2. Consider Example 1.3.1. Explain the assumption that Mrs T must have been making when she said “that sounds more probable”.
3. Consider Example 1.3.3.
a. Why is the area corresponding to D ∩ F equal to 0.75?
b. Why is it not true that P ( even or odd ) = 1?
4. Consider Example 1.3.4. Use inclusion-exclusion to find the probability that the
chosen number is composite.
5. Use complements and a list of primes to double check your answer in the last
problem.
6. Suppose we pick a number uniformly at random from the interval [0, 2].
a. What is the sample space and what kind of infinite is it?
b. Check proposition 1.3.5 if An = [0, 1 + 1/n].
Ch. 1. 1, 4, 7, 8, 12
Due 9/15: All problems above since the last assignment
Ch. 1. 17(a,c,d), 18, 19, 20, 24, 27
Due 9/22: All problems above since the last assignment
1.33 Try some examples with specific probabilities assigned to A, B, and their conditionals.
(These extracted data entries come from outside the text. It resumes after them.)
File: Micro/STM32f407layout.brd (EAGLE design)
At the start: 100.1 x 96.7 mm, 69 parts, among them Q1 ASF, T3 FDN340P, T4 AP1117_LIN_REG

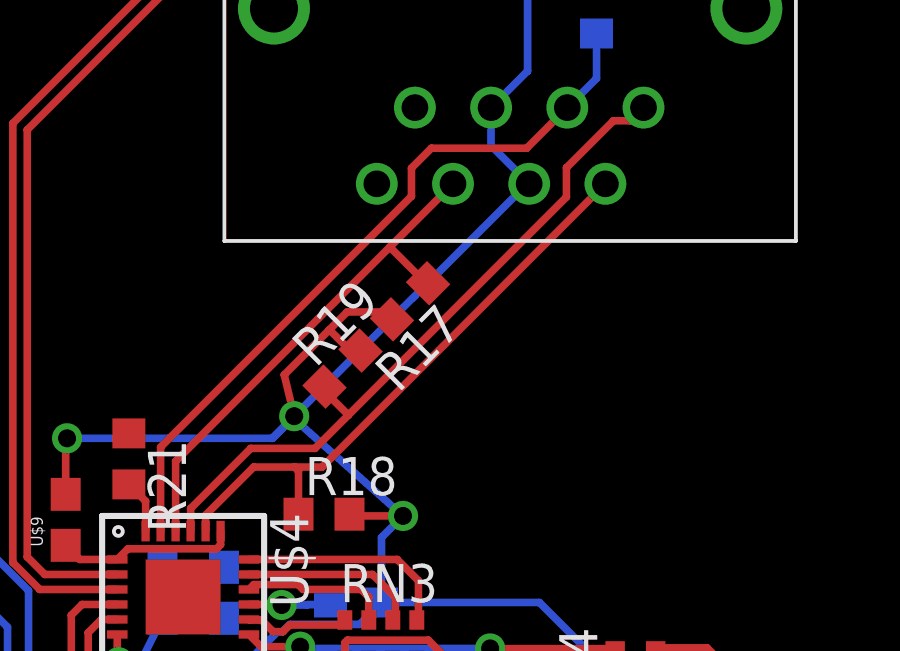
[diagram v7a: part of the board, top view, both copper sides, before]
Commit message: Ethernet Length Checks
Checked length of ethernet signals, still need to check tolerances on
RD+- and TD+-
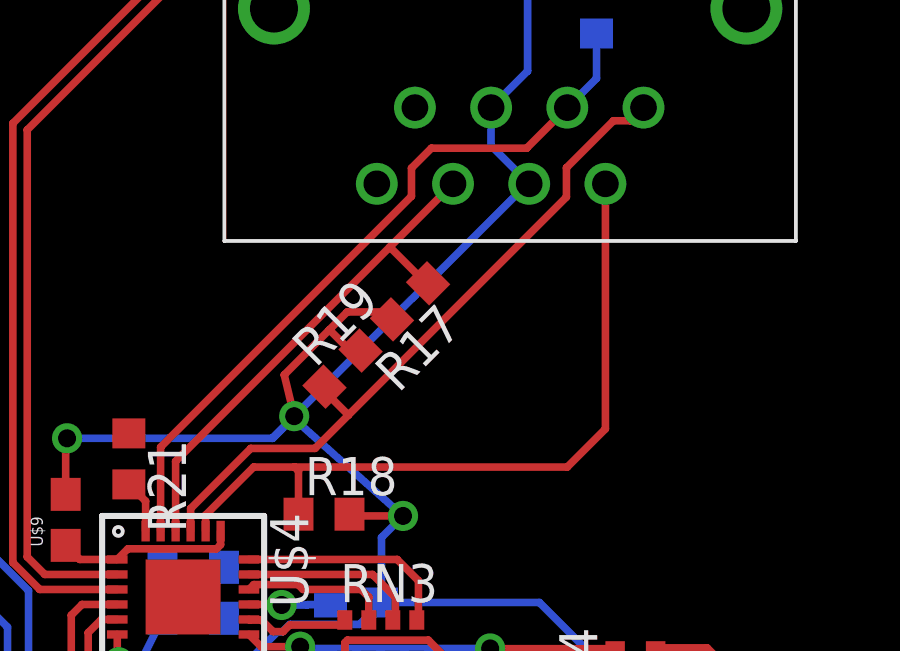
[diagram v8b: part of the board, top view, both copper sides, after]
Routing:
- net TD-: track 20.1 -> 24.8 mm
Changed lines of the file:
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@@
 <layer number="23" name="tOrigins" color="15" fill="1" visible="yes" active="yes"/>
 <layer number="24" name="bOrigins" color="15" fill="1" visible="yes" active="yes"/>
-<layer number="25" name="tNames" color="7" fill="1" visible="yes" active="yes"/>
-<layer number="26" name="bNames" color="7" fill="1" visible="yes" active="yes"/>
-<layer number="27" name="tValues" color="7" fill="1" visible="yes" active="yes"/>
-<layer number="28" name="bValues" color="7" fill="1" visible="yes" active="yes"/>
+<layer number="25" name="tNames" color="7" fill="1" visible="no" active="yes"/>
+<layer number="26" name="bNames" color="7" fill="1" visible="no" active="yes"/>
+<layer number="27" name="tValues" color="7" fill="1" visible="no" active="yes"/>
+<layer number="28" name="bValues" color="7" fill="1" visible="no" active="yes"/>
 <layer number="29" name="tStop" color="7" fill="3" visible="yes" active="yes"/>
 <layer number="30" name="bStop" color="7" fill="6" visible="yes" active="yes"/>
@@
 <wire x1="41.939528125" y1="52.688603125" x2="43.540146875" y2="54.289221875" width="0.254" layer="1"/>
 <wire x1="43.540146875" y1="54.289221875" x2="44.9056" y2="54.289221875" width="0.254" layer="1"/>
-<wire x1="44.9056" y1="54.289221875" x2="45.82478125" y2="54.289221875" width="0.254" layer="1"/>
-<wire x1="45.82478125" y1="54.289221875" x2="55.2664375" y2="63.730878125" width="0.254" layer="1"/>
 <wire x1="45.036109375" y1="52.71815625" x2="45.036109375" y2="54.1587125" width="0.254" layer="1"/>
 <wire x1="45.036109375" y1="54.1587125" x2="44.9056" y2="54.289221875" width="0.254" layer="1"/>
+<wire x1="44.9056" y1="54.289221875" x2="53.995165625" y2="54.289221875" width="0.254" layer="1"/>
+<wire x1="53.995165625" y1="54.289221875" x2="55.2664375" y2="55.56049375" width="0.254" layer="1"/>
+<wire x1="55.2664375" y1="63.730878125" x2="55.2664375" y2="55.56049375" width="0.254" layer="1"/>
 </signal>
 <signal name="NRST">

1.35 Work from P (X ∩ Y ) = P (X|Y )P (Y ).
1.38 Think of how factoring relates to each of independence and being prime.
1.41 Just think about it and explain what you think. ... but be rigorous.
1.42 Just think about it and explain what you think. ... but be rigorous.
1.50 For (a), think about what A∩B∩C is. For (b), see if the definition of independence
for three sets is satisfied.
1.52 Let Bi = { dart i hits the bullseye}. Think about (a) and (b) in terms of the Bi .
1.53 Use the definition of conditional probability.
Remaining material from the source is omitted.